# Word embedding

## One-hot vetor

- Simple and requires no implied ordering.
- Huge and encodes no meaning.

## Word embedding

- Low dimension.
- Can encode meanings.

## Create word embedding

- Need
    - Crpus.
    - Embedding method.
- Self-supervised
    - Unsupervised in a sense that input date (corpus) is unlabelled.
    - Supervised in a sense that data provides context that would make up the labels. 
    
## Continuous bag of words model

- Predict a missing word based on the surrounding words

![2-4-1](images/natural-language-processing/2-4-1.png)

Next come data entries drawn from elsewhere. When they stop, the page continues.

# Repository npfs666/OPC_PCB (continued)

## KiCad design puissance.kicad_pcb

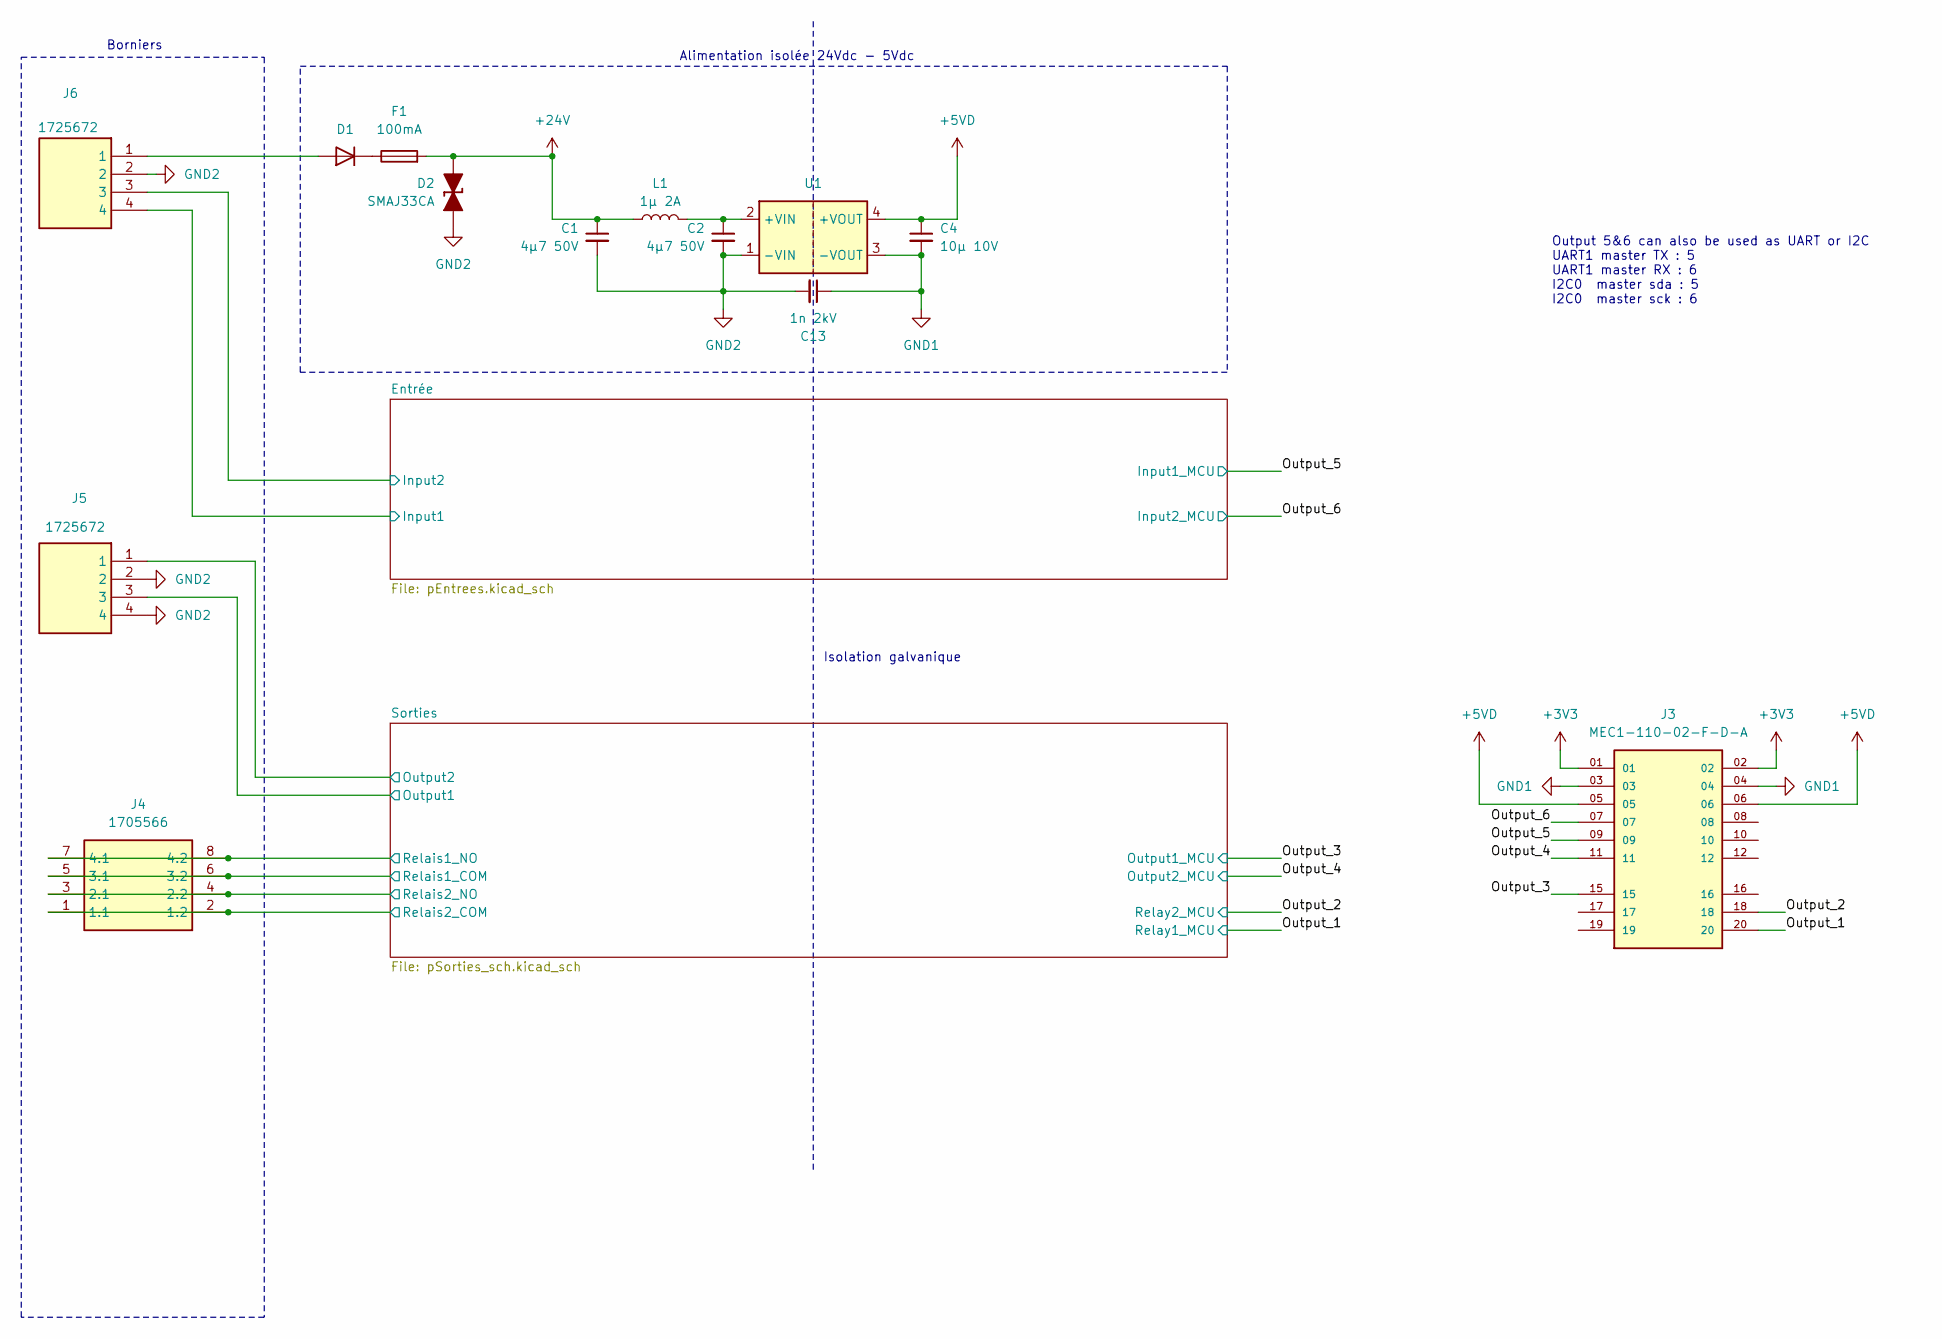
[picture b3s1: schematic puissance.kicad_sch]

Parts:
C1, C2: 4µ7 50V; C_1206_3216Metric; MPN GRM319R61H475KA12D; LCSC Part # C29823
C4: 10µ 10V; C_0603_1608Metric_Pad1.08x0.95mm_HandSolder; MPN GRM188R61A106ME69D; LCSC Part # C19702
C13: 1n 2kV; C_1206_3216Metric; MPN 885342208024; LCSC Part # C9196
D1: FR1G; D_SMA; MPN FR1G; LCSC Part # C412437
D2: SMAJ33CA; D_SMA_TVS; MPN 824501331
F1: 100mA; Fuse_1210_3225Metric; MPN 0ZCH0010FF2E
J3: MEC1-110-02-F-D-A; MEC1-110-02-F-D-A-MALE
J4: 1705566; Manufacturer_Part_Number 1705566; Mouser Part Number 651-1705566
J5, J6: 1725672; Manufacturer_Part_Number 1725672; Mouser Part Number 651-1725672
L1: 1µ 2A; L_1008_2520Metric; MPN MAMK2520T1R0M; LCSC Part # C162587
U1: 1779205311; U_Wurth_WPME-FISM-SIP-4_1779205311; Part Number 1779205311; LCSC Part # C6652237

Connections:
+3V3: J3.01, J3.02; also elsewhere on the board
+5VD: C4.1, J3.05, J3.06, U1.4 (+VOUT)
+24V: C1.1, D2.1 (K), F1.2, L1.1; also elsewhere on the board
/Entrée/Input1: J6.4; also elsewhere on the board
/Entrée/Input2: J6.3; also elsewhere on the board
/Output_1: J3.20; also elsewhere on the board
/Output_2: J3.18; also elsewhere on the board
/Output_3: J3.15; also elsewhere on the board
/Output_4: J3.11; also elsewhere on the board
/Output_5: J3.09; also elsewhere on the board
/Output_6: J3.07; also elsewhere on the board
/Sorties/Output1: J5.3; also elsewhere on the board
/Sorties/Output2: J5.1; also elsewhere on the board
/Sorties/Relais1_COM: J4.5 (3.1), J4.6 (3.2); also elsewhere on the board
/Sorties/Relais1_NO: J4.7 (4.1), J4.8 (4.2); also elsewhere on the board
/Sorties/Relais2_COM: J4.1 (1.1), J4.2 (1.2); also elsewhere on the board
/Sorties/Relais2_NO: J4.3 (2.1), J4.4 (2.2); also elsewhere on the board
GND1: C4.2, C13.1, J3.03, J3.04, U1.3 (-VOUT); also elsewhere on the board
GND2: C1.2, C2.2, C13.2, D2.2 (A), J5.2, J5.4, J6.2, U1.1 (-VIN); also elsewhere on the board
unnamed: D1.2 (A), J6.1
unnamed: D1.1 (K), F1.1
unnamed: C2.1, L1.2, U1.2 (+VIN)

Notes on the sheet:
Borniers
Output 5&6 can also be used as UART or I2C UART1 master TX : 5 UART1 master RX : 6 I2C0 master sda : 5 I2C0 master sck : 6
Isolation galvanique
Alimentation isolée 24Vdc - 5Vdc

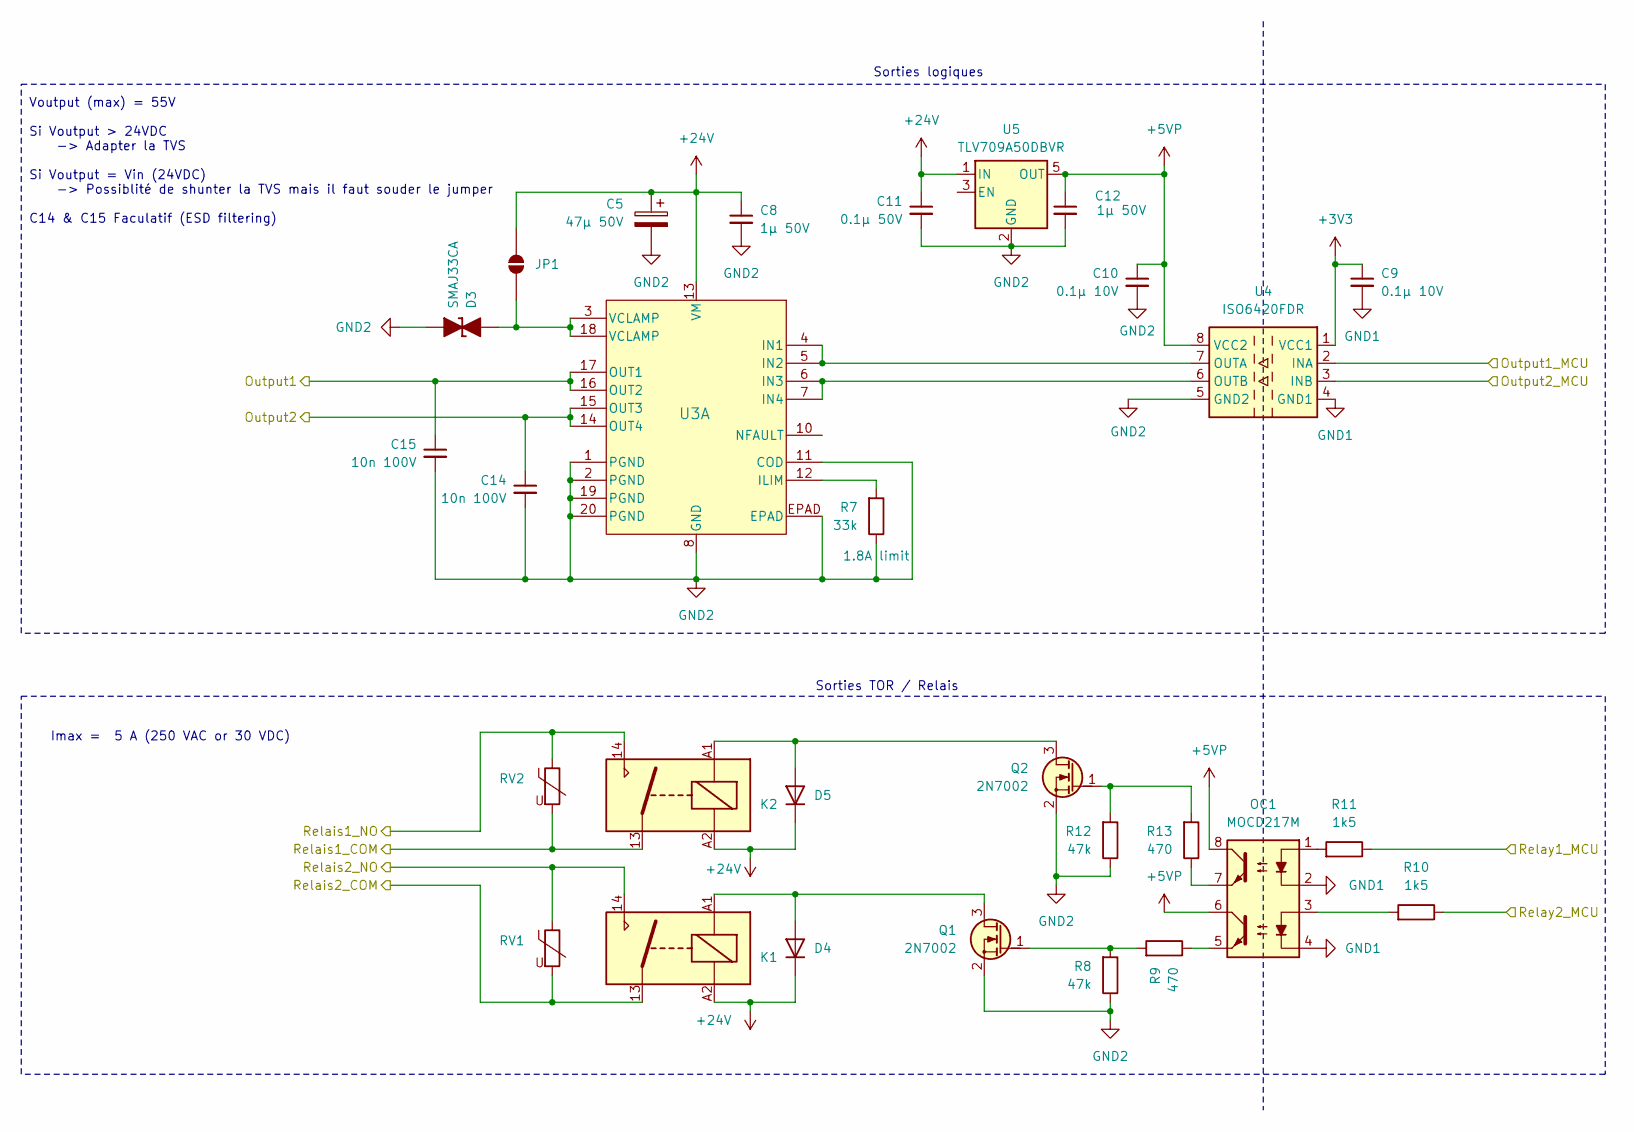
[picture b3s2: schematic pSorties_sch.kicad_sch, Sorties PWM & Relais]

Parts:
C5: 47µ 50V; CP_Elec_6.3x7.7; MPN 865080645012; LCSC Part # C72523
C8, C12: 1µ 50V; C_0805_2012Metric_Pad1.18x1.45mm_HandSolder; MPN GRM219R61H105MA73D; LCSC Part # C28323
C9, C10: 0.1µ 10V; C_0603_1608Metric_Pad1.08x0.95mm_HandSolder; MPN 885012206020; LCSC Part # C14663
C11: 0.1µ 50V; C_0603_1608Metric_Pad1.08x0.95mm_HandSolder; MPN GCM188L81H104MA57D; LCSC Part # C14663
C14, C15: 10n 100V; C_0603_1608Metric_Pad1.08x0.95mm_HandSolder; MPN GRM188R72A103MA01J; LCSC Part # C57112
D3: SMAJ33CA; D_SMA_TVS; MPN 824501331
D4, D5: FR1G; D_SMA; MPN FR1G; LCSC Part # C412437
JP1: SolderJumper_2_Open; SolderJumper-2_P1.3mm_Open_RoundedPad1.0x1.5mm
K1, K2: G6DN-1A-L DC24; G6DN; MPN G6DN-1A-L DC24
OC1: MOCD217M; SO-8_3.9x6.2mm_P1.27mm; MPN MOCD217M; LCSC Part # C258262
Q1, Q2: 2N7002; SOT-23; MPN T2N7002BK,LM; LCSC Part # C8545
R7: 33k; R_0603_1608Metric_Pad0.98x0.95mm_HandSolder; MPN ERJ-3GEYJ333V; LCSC Part # C4216
R8, R12: 47k; R_0603_1608Metric_Pad0.98x0.95mm_HandSolder; MPN ERJ-3GEYJ473V; LCSC Part # C25819
R9, R13: 470; R_0603_1608Metric_Pad0.98x0.95mm_HandSolder; MPN ERJ-3GEYJ470V; LCSC Part # C23179
R10, R11: 1k5; R_0603_1608Metric_Pad0.98x0.95mm_HandSolder; MPN ERJ-3GEYJ152V; LCSC Part # C22843
RV1, RV2: MOV-07D391KKTR; RV_Disc_D9mm_W3.9mm_P5mm; MPN MOV-07D391KKTR
U3: DRV81545PWPR; U_TSSOP_PWP0020AC_TEX; MPN DRV81545PWPR; LCSC Part # C53201928
U4: ISO6420FDR; SOIC-8_3.9x4.9mm_P1.27mm; MPN ISO6420FDR
U5: TLV709A50DBVR; SOT-23-5; MPN TLV709A50DBVR

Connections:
+3V3: C9.1, U4.1 (VCC1); also elsewhere on the board
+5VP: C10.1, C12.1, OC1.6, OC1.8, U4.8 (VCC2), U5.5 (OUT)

## Architecture of CBOW model

![2-4-2](images/natural-language-processing/2-4-2.png)

![2-4-3](images/natural-language-processing/2-4-3.png)

![2-4-4](images/natural-language-processing/2-4-4.png)

![2-4-5](images/natural-language-processing/2-4-5.png)

## CBOW cost function

- $J = -\displaystyle\sum_{k=1}^{V}y_{k}log\hat{y}_{k}$

## CBOW forward prop

![2-4-5](images/natural-language-processing/2-4-5.png)

- $Z_{1} = W_{1}X + B_{1}$
- $H = ReLU(Z_{1})$
- $Z_{2} = W_{2}H + B_{2}$
- $\hat{Y} = softmax(Z_{2})$
- $J_{batch} = -\dfrac{1}{m}\displaystyle\sum_{i=1}^{m}\displaystyle\sum_{j=1}^{V}y_{j}^{(i)}log\hat{y}_{j}^{(i)}$

## CBOW backward prop

- $W_{1} = W_{1} - \alpha\dfrac{\partial J_{batch}}{\partial W_{1}} = W_{1} - \dfrac{1}{m}ReLu(W_{2}^{T}(\hat{Y}-Y))X^{T}$
- $W_{2} = W_{2} - \alpha\dfrac{\partial J_{batch}}{\partial W_{2}} = W_{2} - \dfrac{1}{m}(\hat{Y}-Y))H^{T}$
- $b_{1} = b_{1} - \alpha\dfrac{\partial J_{batch}}{\partial b_{1}} = b_{1} - \dfrac{1}{m}ReLu(W_{2}^{T}(\hat{Y}-Y))1_{m}^{T}$
- $b_{2} = b_{2} - \alpha\dfrac{\partial J_{batch}}{\partial b_{2}} = b_{2} - \dfrac{1}{m}(\hat{Y}-Y))1_{m}^{T}$

## Extract word embedding vectors

![2-4-7](images/natural-language-processing/2-4-7.png)

![2-4-8](images/natural-language-processing/2-4-8.png)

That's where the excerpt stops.